Mariana observó cómo el cuerpo de ella temblaba y su mirada se volvía difusa, y de pronto, una sensación de placer inexplicable la invadió.
—Cuando alguien está destinado a la desgracia, ni las mejores palabras lo salvan —pensó, con un dejo de ironía—. Cada quien carga con su propia suerte, ¿a quién puede culpar de su mala estrella?
—No hace falta que me eches, igual no pienso volver a poner un pie en la familia Salinas —dijo Mariana, sintiendo una ligereza en el pecho mientras se giraba para marcharse. Sin embargo, una figura se plantó frente a ella, bloqueándole el paso.
Era Santiago, el hermano mayor. Su enojo se sentía como una oleada que llenaba el ambiente, y se paró de manera imponente frente a ella.
La miró desde arriba, con una expresión dura y llena de mal humor.
—Hazte a un lado —soltó Mariana, con la voz cortante, intentando pasar junto a él.
En ese momento, Santiago la sujetó del brazo con fuerza, como si quisiera pulverizarle los huesos, y le ordenó con tono autoritario:
—Pide perdón. Pídele una disculpa a mamá.
Mariana lo miró como si estuviera viendo a alguien que había perdido la razón.
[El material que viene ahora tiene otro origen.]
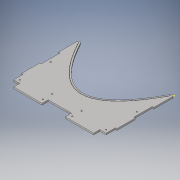
# Autodesk Inventor part: vrRig_v01r1_top
Saved by Autodesk Inventor 2016 (Build 200138000, 138)
## iProperties
Created: 2018-01-13
Part Number: vrRig_v01r1_top
Material: Generic
Document SubType Name: Modeling
Designer: harveylab
Density: 1 g/cm^3
Appearance: Default
Author: harveylab
Autodesk Inventor part; units mm, degrees
ref_plane "YZ Plane" through (0, 0, 0) normal (1, 0, 0) x (0, 1, 0)
ref_plane "XZ Plane" through (0, 0, 0) normal (0, 1, 0) x (-1, 0, 0)
ref_plane "XY Plane" through (0, 0, 0) normal (0, 0, 1) x (1, 0, 0)
sketch "Sketch1" plane through (0, 0, 0) normal (0, 1, 0) x (-1, 0, 0)
  circle A0 centre (374.65, 134.145) radius 3.302 construction
  line L0 (387.3499, 6.3502) -> (384.81, 11.082)
  line L1 (384.81, 11.082) -> (382.27, 15.7505)
  line L2 (382.27, 15.7505) -> (379.73, 20.353)
  line L3 (379.73, 20.353) -> (377.19, 24.8945)
  line L4 (377.19, 24.8945) -> (374.65, 29.37)
  line L5 (374.65, 29.37) -> (372.11, 33.7833)
  line L6 (372.11, 33.7833) -> (369.57, 38.133)
  line L7 (369.57, 38.133) -> (367.03, 42.4193)
  line L8 (367.03, 42.4193) -> (364.49, 46.642)
  line L9 (364.49, 46.642) -> (361.95, 50.8013)
  line L10 (361.95, 50.8013) -> (359.41, 54.897)
  line L11 (359.41, 54.897) -> (356.87, 58.9293)
  line L12 (356.87, 58.9293) -> (354.33, 62.898)
  line L13 (354.33, 62.898) -> (351.79, 66.8033)
  line L14 (351.79, 66.8033) -> (349.25, 70.645)
  line L15 (349.25, 70.645) -> (346.71, 74.4233)
  line L16 (346.71, 74.4233) -> (344.17, 78.138)
  line L17 (344.17, 78.138) -> (341.63, 81.7893)
  line L18 (341.63, 81.7893) -> (339.09, 85.377)
  line L19 (339.09, 85.377) -> (336.55, 88.9025)
  line L20 (336.55, 88.9025) -> (334.01, 92.362)
  line L21 (334.01, 92.362) -> (331.47, 95.7605)
  line L22 (331.47, 95.7605) -> (328.93, 99.093)
  line L23 (328.93, 99.093) -> (326.39, 102.3645)
  line L24 (326.39, 102.3645) -> (323.85, 105.57)
  line L25 (323.85, 105.57) -> (321.31, 108.712)
  line L26 (321.31, 108.712) -> (318.77, 111.793)
  line L27 (318.77, 111.793) -> (316.23, 114.8105)
  line L28 (316.23, 114.8105) -> (313.69, 117.762)
  line L29 (313.69, 117.762) -> (311.15, 120.6525)
  line L30 (311.15, 120.6525) -> (308.61, 123.477)
  line L31 (308.61, 123.477) -> (306.07, 126.2405)
  line L32 (306.07, 126.2405) -> (303.53, 128.938)
  line L33 (303.53, 128.938) -> (300.99, 131.5745)
  line L34 (300.99, 131.5745) -> (298.45, 134.145)
  line L35 (298.45, 134.145) -> (295.91, 136.652)
  line L36 (295.91, 136.652) -> (293.37, 139.098)
  line L37 (293.37, 139.098) -> (290.83, 141.478)
  line L38 (290.83, 141.478) -> (288.29, 143.797)
  line L39 (288.29, 143.797) -> (285.75, 146.0525)
  line L40 (285.75, 146.0525) -> (283.21, 148.242)
  line L41 (283.21, 148.242) -> (280.67, 150.368)
  line L42 (280.67, 150.368) -> (278.13, 152.433)
  line L43 (278.13, 152.433) -> (275.59, 154.4345)
  line L44 (275.59, 154.4345) -> (273.05, 156.37)
  line L45 (273.05, 156.37) -> (270.51, 158.2445)
  line L46 (270.51, 158.2445) -> (267.97, 160.053)
  line L47 (267.97, 160.053) -> (265.43, 161.8005)
  line L48 (265.43, 161.8005) -> (262.89, 163.482)
  line L49 (262.89, 163.482) -> (260.35, 165.1025)
  line L50 (260.35, 165.1025) -> (257.81, 166.657)
  line L51 (257.81, 166.657) -> (255.27, 168.1505)
  line L52 (255.27, 168.1505) -> (252.73, 169.578)
  line L53 (252.73, 169.578) -> (250.19, 170.9445)
  line L54 (250.19, 170.9445) -> (247.65, 172.245)
  line L55 (247.65, 172.245) -> (245.11, 173.4845)
  line L56 (245.11, 173.4845) -> (242.57, 174.658)
  line L57 (242.57, 174.658) -> (240.03, 175.768)
  line L58 (240.03, 175.768) -> (237.49, 176.817)
  line L59 (237.49, 176.817) -> (234.95, 177.8025)
  line L60 (234.95, 177.8025) -> (232.41, 178.722)
  line L61 (232.41, 178.722) -> (229.87, 179.5805)
  line L62 (229.87, 179.5805) -> (227.33, 180.373)
  line L63 (227.33, 180.373) -> (224.79, 181.102)
  line L64 (224.79, 181.102) -> (222.25, 181.77)
  line L65 (222.25, 181.77) -> (219.71, 182.372)
  line L66 (219.71, 182.372) -> (217.17, 182.913)
  line L67 (217.17, 182.913) -> (214.63, 183.388)
  line L68 (214.63, 183.388) -> (212.09, 183.802)
  line L69 (212.09, 183.802) -> (209.55, 184.1525)
  line L70 (209.55, 184.1525) -> (207.01, 184.437)
  line L71 (207.01, 184.437) -> (204.47, 184.658)
  line L72 (204.47, 184.658) -> (201.93, 184.818)
  line L73 (201.93, 184.818) -> (199.39, 184.9145)
  line L74 (199.39, 184.9145) -> (196.85, 184.945)
  line L75 (381.755, 3.3486) -> (379.2235, 8.0648)
  line L76 (379.2235, 8.0648) -> (376.7012, 12.7009)
  line L77 (376.7012, 12.7009) -> (374.1791, 17.2709)
  line L78 (374.1791, 17.2709) -> (371.6575, 21.7794)
  line L79 (371.6575, 21.7794) -> (369.1368, 26.2209)
  line L80 (369.1368, 26.2209) -> (366.6163, 30.6003)
  line L81 (366.6163, 30.6003) -> (364.0967, 34.9152)
  line L82 (364.0967, 34.9152) -> (361.5777, 39.1659)
  line L83 (361.5777, 39.1659) -> (359.0595, 43.3525)
  line L84 (359.0595, 43.3525) -> (356.5419, 47.475)
  line L85 (356.5419, 47.475) -> (354.0252, 51.5332)
  line L86 (354.0252, 51.5332) -> (351.5092, 55.5273)
  line L87 (351.5092, 55.5273) -> (348.9941, 59.4572)
  line L88 (348.9941, 59.4572) -> (346.4798, 63.3229)
  line L89 (346.4798, 63.3229) -> (343.9665, 67.1244)
  line L90 (343.9665, 67.1244) -> (341.454, 70.8616)
  line L91 (341.454, 70.8616) -> (338.9426, 74.5346)
  line L92 (338.9426, 74.5346) -> (336.4321, 78.1433)
  line L93 (336.4321, 78.1433) -> (333.9225, 81.6883)
  line L94 (333.9225, 81.6883) -> (331.4145, 85.1693)
  line L95 (331.4145, 85.1693) -> (328.9074, 88.584)
  line L96 (328.9074, 88.584) -> (326.4015, 91.9369)
  line L97 (326.4015, 91.9369) -> (323.8968, 95.223)
  line L98 (323.8968, 95.223) -> (321.3935, 98.4473)
  line L99 (321.3935, 98.4473) -> (318.8923, 101.6039)
  line L100 (318.8923, 101.6039) -> (316.3909, 104.698)
  line L101 (316.3909, 104.698) -> (313.891, 107.7305)
  line L102 (313.891, 107.7305) -> (311.3942, 110.6966)
  line L103 (311.3942, 110.6966) -> (308.8983, 113.5969)
  line L104 (308.8983, 113.5969) -> (306.404, 116.4354)
  line L105 (306.404, 116.4354) -> (303.9114, 119.2072)
  line L106 (303.9114, 119.2072) -> (301.4206, 121.9171)
  line L107 (301.4206, 121.9171) -> (298.9317, 124.5603)
  line L108 (298.9317, 124.5603) -> (296.4448, 127.1417)
  line L109 (296.4448, 127.1417) -> (293.961, 129.6553)
  line L110 (293.961, 129.6553) -> (291.4771, 132.107)
  line L111 (291.4771, 132.107) -> (288.9965, 134.4958)
  line L112 (288.9965, 134.4958) -> (286.5181, 136.818)
  line L113 (286.5181, 136.818) -> (284.0408, 139.0798)
  line L114 (284.0408, 139.0798) -> (281.5685, 141.2752)
  line L115 (281.5685, 141.2752) -> (279.0989, 143.404)
  line L116 (279.0989, 143.404) -> (276.629, 145.4713)
  line L117 (276.629, 145.4713) -> (274.1617, 147.4772)
  line L118 (274.1617, 147.4772) -> (271.7002, 149.4169)
  line L119 (271.7002, 149.4169) -> (269.2401, 151.2915)
  line L120 (269.2401, 151.2915) -> (266.7828, 153.105)
  line L121 (266.7828, 153.105) -> (264.3286, 154.8524)
  line L122 (264.3286, 154.8524) -> (261.8774, 156.5388)
  line L123 (261.8774, 156.5388) -> (259.4294, 158.1594)
  line L124 (259.4294, 158.1594) -> (256.9846, 159.7192)
  line L125 (256.9846, 159.7192) -> (254.543, 161.2134)
  line L126 (254.543, 161.2134) -> (252.1048, 162.6471)
  line L127 (252.1048, 162.6471) -> (249.6699, 164.0155)
  line L128 (249.6699, 164.0155) -> (247.2384, 165.3236)
  line L129 (247.2384, 165.3236) -> (244.8103, 166.5668)
  line L130 (244.8103, 166.5668) -> (242.3856, 167.7501)
  line L131 (242.3856, 167.7501) -> (239.9667, 168.8676)
  line L132 (239.9667, 168.8676) -> (237.5463, 169.9253)
  line L133 (237.5463, 169.9253) -> (235.1292, 170.9236)
  line L134 (235.1292, 170.9236) -> (232.7205, 171.8582)
  line L135 (232.7205, 171.8582) -> (230.3123, 172.7299)
  line L136 (230.3123, 172.7299) -> (227.9074, 173.5428)
  line L137 (227.9074, 173.5428) -> (225.5082, 174.2913)
  line L138 (225.5082, 174.2913) -> (223.1063, 174.9807)
  line L139 (223.1063, 174.9807) -> (220.71, 175.6109)
  line L140 (220.71, 175.6109) -> (218.3161, 176.1783)
  line L141 (218.3161, 176.1783) -> (215.9247, 176.6876)
  line L142 (215.9247, 176.6876) -> (213.5354, 177.1344)
  line L143 (213.5354, 177.1344) -> (211.145, 177.5241)
  line L144 (211.145, 177.5241) -> (208.7624, 177.8529)
  line L145 (208.7624, 177.8529) -> (206.3813, 178.1196)
  line L146 (206.3813, 178.1196) -> (203.9951, 178.3272)
  line L147 (203.9951, 178.3272) -> (201.6097, 178.4774)
  line L148 (201.6097, 178.4774) -> (199.2313, 178.5678)
  line L149 (199.2313, 178.5678) -> (196.9262, 178.5955)
  line L150 (386.6786, 5.9898) -> (384.1396, 10.72)
  line L151 (384.1396, 10.72) -> (381.6018, 15.3846)
  line L152 (381.6018, 15.3846) -> (379.0639, 19.9832)
  line L153 (379.0639, 19.9832) -> (376.5261, 24.5207)
  line L154 (376.5261, 24.5207) -> (373.9884, 28.9921)
  line L155 (373.9884, 28.9921) -> (371.4508, 33.4013)
  line L156 (371.4508, 33.4013) -> (368.9132, 37.7469)
  line L157 (368.9132, 37.7469) -> (366.3757, 42.0289)
  line L158 (366.3757, 42.0289) -> (363.8384, 46.2473)
  line L159 (363.8384, 46.2473) -> (361.3011, 50.4021)
  line L160 (361.3011, 50.4021) -> (358.7638, 54.4934)
  line L161 (358.7638, 54.4934) -> (356.2267, 58.521)
  line L162 (356.2267, 58.521) -> (353.6897, 62.4851)
  line L163 (353.6897, 62.4851) -> (351.1528, 66.3856)
  line L164 (351.1528, 66.3856) -> (348.616, 70.2225)
  line L165 (348.616, 70.2225) -> (346.0793, 73.9959)
  line L166 (346.0793, 73.9959) -> (343.5427, 77.7056)
  line L167 (343.5427, 77.7056) -> (341.0063, 81.3518)
  line L168 (341.0063, 81.3518) -> (338.4699, 84.9344)
  line L169 (338.4699, 84.9344) -> (335.9338, 88.4545)
  line L170 (335.9338, 88.4545) -> (333.3977, 91.9087)
  line L171 (333.3977, 91.9087) -> (330.8618, 95.3017)
  line L172 (330.8618, 95.3017) -> (328.326, 98.6286)
  line L173 (328.326, 98.6286) -> (325.7904, 101.8945)
  line L174 (325.7904, 101.8945) -> (323.2551, 105.0941)
  line L175 (323.2551, 105.0941) -> (320.7197, 108.2303)
  line L176 (320.7197, 108.2303) -> (318.1845, 111.3055)
  line L177 (318.1845, 111.3055) -> (315.6497, 114.3169)
  line L178 (315.6497, 114.3169) -> (313.115, 117.2622)
  line L179 (313.115, 117.2622) -> (310.5805, 120.1465)
  line L180 (310.5805, 120.1465) -> (308.0462, 122.9646)
  line L181 (308.0462, 122.9646) -> (305.5121, 125.7217)
  line L182 (305.5121, 125.7217) -> (302.9782, 128.4127)
  line L183 (302.9782, 128.4127) -> (300.4446, 131.0426)
  line L184 (300.4446, 131.0426) -> (297.9113, 133.6063)
  line L185 (297.9113, 133.6063) -> (295.3781, 136.1066)
  line L186 (295.3781, 136.1066) -> (292.8452, 138.5457)
  line L187 (292.8452, 138.5457) -> (290.3126, 140.9188)
  line L188 (290.3126, 140.9188) -> (287.7801, 143.2309)
  line L189 (287.7801, 143.2309) -> (285.2482, 145.4793)
  line L190 (285.2482, 145.4793) -> (282.7167, 147.6615)
  line L191 (282.7167, 147.6615) -> (280.1851, 149.7804)
  line L192 (280.1851, 149.7804) -> (277.6538, 151.8383)
  line L193 (277.6538, 151.8383) -> (275.1232, 153.8324)
  line L194 (275.1232, 153.8324) -> (272.5928, 155.7606)
  line L195 (272.5928, 155.7606) -> (270.0628, 157.6278)
  line L196 (270.0628, 157.6278) -> (267.5331, 159.4289)
  line L197 (267.5331, 159.4289) -> (265.0037, 161.1691)
  line L198 (265.0037, 161.1691) -> (262.4747, 162.8433)
  line L199 (262.4747, 162.8433) -> (259.9462, 164.4565)
  line L200 (259.9462, 164.4565) -> (257.418, 166.0038)
  line L201 (257.418, 166.0038) -> (254.8902, 167.4901)
  line L202 (254.8902, 167.4901) -> (252.3628, 168.9105)
  line L203 (252.3628, 168.9105) -> (249.8358, 170.27)
  line L204 (249.8358, 170.27) -> (247.3093, 171.5636)
  line L205 (247.3093, 171.5636) -> (244.7831, 172.7964)
  line L206 (244.7831, 172.7964) -> (242.2576, 173.9632)
  line L207 (242.2576, 173.9632) -> (239.732, 175.0669)
  line L208 (239.732, 175.0669) -> (237.2067, 176.1098)
  line L209 (237.2067, 176.1098) -> (234.6825, 177.0892)
  line L210 (234.6825, 177.0892) -> (232.1583, 178.003)
  line L211 (232.1583, 178.003) -> (229.6345, 178.856)
  line L212 (229.6345, 178.856) -> (227.1114, 179.6432)
  line L213 (227.1114, 179.6432) -> (224.588, 180.3674)
  line L214 (224.588, 180.3674) -> (222.0652, 181.0309)
  line L215 (222.0652, 181.0309) -> (219.5428, 181.6287)
  line L216 (219.5428, 181.6287) -> (217.0206, 182.166)
  line L217 (217.0206, 182.166) -> (214.4987, 182.6376)
  line L218 (214.4987, 182.6376) -> (211.9766, 183.0487)
  line L219 (211.9766, 183.0487) -> (209.4555, 183.3966)
  line L220 (209.4555, 183.3966) -> (206.9346, 183.6789)
  line L221 (206.9346, 183.6789) -> (204.413, 183.8983)
  line L222 (204.413, 183.8983) -> (201.8916, 184.0571)
  line L223 (201.8916, 184.0571) -> (199.371, 184.1529)
  line L224 (199.371, 184.1529) -> (196.8592, 184.1831)
  arc A1 (381.755, 3.3486) -> (393.6991, 6.3502) centre (387.3499, 6.3502) ccw
  line L225 (393.6991, 6.3502) -> (393.6991, 7.1452)
  line L226 (387.3499, 6.3502) -> (386.6786, 5.9898)
  line L227 (393.6991, 7.1452) -> (393.6991, 83.3452)
  line L228 (393.6991, 83.3452) -> (387.3491, 83.3452)
  line L229 (387.3491, 83.3452) -> (387.3491, 159.5452)
  line L230 (387.3491, 159.5452) -> (393.6991, 159.5452)
  line L231 (393.6991, 159.5452) -> (393.6991, 235.745)
  line L232 (393.6991, 235.745) -> (387.35, 235.745)
  line L233 (387.35, 235.745) -> (387.35, 273.845)
  circle A2 centre (19.05, 134.145) radius 3.302 construction
  line L234 (6.35, 6.35) -> (8.89, 11.082)
  line L235 (8.89, 11.082) -> (11.43, 15.7505)
  line L236 (11.43, 15.7505) -> (13.97, 20.353)
  line L237 (13.97, 20.353) -> (16.51, 24.8945)
  line L238 (16.51, 24.8945) -> (19.05, 29.37)
  line L239 (19.05, 29.37) -> (21.59, 33.7833)
  line L240 (21.59, 33.7833) -> (24.13, 38.133)
  line L241 (24.13, 38.133) -> (26.67, 42.4193)
  line L242 (26.67, 42.4193) -> (29.21, 46.642)
  line L243 (29.21, 46.642) -> (31.75, 50.8013)
  line L244 (31.75, 50.8013) -> (34.29, 54.897)
  line L245 (34.29, 54.897) -> (36.83, 58.9293)
  line L246 (36.83, 58.9293) -> (39.37, 62.898)
  line L247 (39.37, 62.898) -> (41.91, 66.8033)
  line L248 (41.91, 66.8033) -> (44.45, 70.645)
  line L249 (44.45, 70.645) -> (46.99, 74.4233)
  line L250 (46.99, 74.4233) -> (49.53, 78.138)
  line L251 (49.53, 78.138) -> (52.07, 81.7893)
  line L252 (52.07, 81.7893) -> (54.61, 85.377)
  line L253 (54.61, 85.377) -> (57.15, 88.9025)
  line L254 (57.15, 88.9025) -> (59.69, 92.362)
  line L255 (59.69, 92.362) -> (62.23, 95.7605)
  line L256 (62.23, 95.7605) -> (64.77, 99.093)
  line L257 (64.77, 99.093) -> (67.31, 102.3645)
  line L258 (67.31, 102.3645) -> (69.85, 105.57)
  line L259 (69.85, 105.57) -> (72.39, 108.712)
  line L260 (72.39, 108.712) -> (74.93, 111.793)
  line L261 (74.93, 111.793) -> (77.47, 114.8105)
  line L262 (77.47, 114.8105) -> (80.01, 117.762)
  line L263 (80.01, 117.762) -> (82.55, 120.6525)
  line L264 (82.55, 120.6525) -> (85.09, 123.477)
  line L265 (85.09, 123.477) -> (87.63, 126.2405)
  line L266 (87.63, 126.2405) -> (90.17, 128.938)
  line L267 (90.17, 128.938) -> (92.71, 131.5745)
  line L268 (92.71, 131.5745) -> (95.25, 134.145)
  line L269 (95.25, 134.145) -> (97.79, 136.652)
  line L270 (97.79, 136.652) -> (100.33, 139.098)
  line L271 (100.33, 139.098) -> (102.87, 141.478)
  line L272 (102.87, 141.478) -> (105.41, 143.797)
  line L273 (105.41, 143.797) -> (107.95, 146.0525)
  line L274 (107.95, 146.0525) -> (110.49, 148.242)
  line L275 (110.49, 148.242) -> (113.03, 150.368)
  line L276 (113.03, 150.368) -> (115.57, 152.433)
  line L277 (115.57, 152.433) -> (118.11, 154.4345)
  line L278 (118.11, 154.4345) -> (120.65, 156.37)
  line L279 (120.65, 156.37) -> (123.19, 158.2445)
  line L280 (123.19, 158.2445) -> (125.73, 160.053)
  line L281 (125.73, 160.053) -> (128.27, 161.8005)
  line L282 (128.27, 161.8005) -> (130.81, 163.482)
  line L283 (130.81, 163.482) -> (133.35, 165.1025)
  line L284 (133.35, 165.1025) -> (135.89, 166.657)
  line L285 (135.89, 166.657) -> (138.43, 168.1505)
  line L286 (138.43, 168.1505) -> (140.97, 169.578)
  line L287 (140.97, 169.578) -> (143.51, 170.9445)
  line L288 (143.51, 170.9445) -> (146.05, 172.245)
  line L289 (146.05, 172.245) -> (148.59, 173.4845)
  line L290 (148.59, 173.4845) -> (151.13, 174.658)
  line L291 (151.13, 174.658) -> (153.67, 175.768)
  line L292 (153.67, 175.768) -> (156.21, 176.817)
  line L293 (156.21, 176.817) -> (158.75, 177.8025)
  line L294 (158.75, 177.8025) -> (161.29, 178.722)
  line L295 (161.29, 178.722) -> (163.83, 179.5805)
  line L296 (163.83, 179.5805) -> (166.37, 180.373)
  line L297 (166.37, 180.373) -> (168.91, 181.102)
  line L298 (168.91, 181.102) -> (171.45, 181.77)
  line L299 (171.45, 181.77) -> (173.99, 182.372)
  line L300 (173.99, 182.372) -> (176.53, 182.913)
  line L301 (176.53, 182.913) -> (179.07, 183.388)
  line L302 (179.07, 183.388) -> (181.61, 183.802)
  line L303 (181.61, 183.802) -> (184.15, 184.1525)
  line L304 (184.15, 184.1525) -> (186.69, 184.437)
  line L305 (186.69, 184.437) -> (189.23, 184.658)
  line L306 (189.23, 184.658) -> (191.77, 184.818)
  line L307 (191.77, 184.818) -> (194.31, 184.9145)
  line L308 (194.31, 184.9145) -> (196.85, 184.945)
  line L309 (11.945, 3.3468) -> (14.4765, 8.063)
  line L310 (14.4765, 8.063) -> (16.9988, 12.699)
  line L311 (16.9988, 12.699) -> (19.5209, 17.2691)
  line L312 (19.5209, 17.2691) -> (22.0424, 21.7776)
  line L313 (22.0424, 21.7776) -> (24.5631, 26.2191)
  line L314 (24.5631, 26.2191) -> (27.0836, 30.5984)
  line L315 (27.0836, 30.5984) -> (29.6033, 34.9133)
  line L316 (29.6033, 34.9133) -> (32.1222, 39.1641)
  line L317 (32.1222, 39.1641) -> (34.6405, 43.3507)
  line L318 (34.6405, 43.3507) -> (37.158, 47.4731)
  line L319 (37.158, 47.4731) -> (39.6748, 51.5314)
  line L320 (39.6748, 51.5314) -> (42.1907, 55.5255)
  line L321 (42.1907, 55.5255) -> (44.7059, 59.4554)
  line L322 (44.7059, 59.4554) -> (47.2201, 63.3211)
  line L323 (47.2201, 63.3211) -> (49.7335, 67.1225)
  line L324 (49.7335, 67.1225) -> (52.2459, 70.8598)
  line L325 (52.2459, 70.8598) -> (54.7574, 74.5328)
  line L326 (54.7574, 74.5328) -> (57.2678, 78.1415)
  line L327 (57.2678, 78.1415) -> (59.7775, 81.6864)
  line L328 (59.7775, 81.6864) -> (62.2854, 85.1675)
  line L329 (62.2854, 85.1675) -> (64.7926, 88.5822)
  line L330 (64.7926, 88.5822) -> (67.2985, 91.9351)
  line L331 (67.2985, 91.9351) -> (69.8031, 95.2212)
  line L332 (69.8031, 95.2212) -> (72.3065, 98.4455)
  line L333 (72.3065, 98.4455) -> (74.8077, 101.602)
  line L334 (74.8077, 101.602) -> (77.3091, 104.6962)
  line L335 (77.3091, 104.6962) -> (79.809, 107.7286)
  line L336 (79.809, 107.7286) -> (82.3057, 110.6947)
  line L337 (82.3057, 110.6947) -> (84.8017, 113.5951)
  line L338 (84.8017, 113.5951) -> (87.296, 116.4336)
  line L339 (87.296, 116.4336) -> (89.7886, 119.2053)
  line L340 (89.7886, 119.2053) -> (92.2793, 121.9153)
  line L341 (92.2793, 121.9153) -> (94.7682, 124.5585)
  line L342 (94.7682, 124.5585) -> (97.2551, 127.1399)
  line L343 (97.2551, 127.1399) -> (99.7389, 129.6535)
  line L344 (99.7389, 129.6535) -> (102.2229, 132.1051)
  line L345 (102.2229, 132.1051) -> (104.7035, 134.494)
  line L346 (104.7035, 134.494) -> (107.1818, 136.8162)
  line L347 (107.1818, 136.8162) -> (109.6591, 139.078)
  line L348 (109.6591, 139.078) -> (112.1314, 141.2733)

—Mariana, mi paciencia tiene un límite —advirtió Santiago, con la voz cada vez más dura—. Te lo repito: pídele perdón a mamá y devuelve el dinero del regalo de compromiso que la familia Ríos nos dio. Si no…
No alcanzó a terminar la frase cuando Mariana, rápida como un rayo, le cruzó la cara con una bofetada.
—¡Paf!—
El sonido seco del golpe resonó en la sala. La cara de Santiago giró por el impacto, y la marca de la mano de Mariana quedó bien visible en su mejilla. Sus lentes de marco dorado salieron volando y cayeron al suelo. Nadie en la habitación pudo reaccionar; todos se quedaron con la boca abierta, incrédulos ante lo que acababa de pasar.
Nadie esperaba que Mariana se atreviera a levantarle la mano a alguien, menos aún en la familia Salinas. Antes, ni siquiera se atrevía a alzar la voz, mucho menos a golpear a alguien.
—Santiago, qué descaro el tuyo, por eso eres el digno heredero de la familia Salinas —le soltó Mariana, con desprecio—. ¿Quién te crees para venir a darme órdenes? ¿Todavía te quieres quedar con el regalo de compromiso de la familia Ríos?
—Antes te decía hermano mayor, ¿y pensaste que eso te hacía especial? Yo soy Mariana, no llevo el apellido Salinas y no formo parte de su familia. Así que no tienes derecho a decirme qué hacer —dijo con voz áspera.
Luego se giró, levantó el pie y aplastó los lentes de Santiago que habían quedado en el piso, restregándolos sin piedad.
Los cristales se rompieron bajo su suela, tan rotos como su determinación de no volver jamás.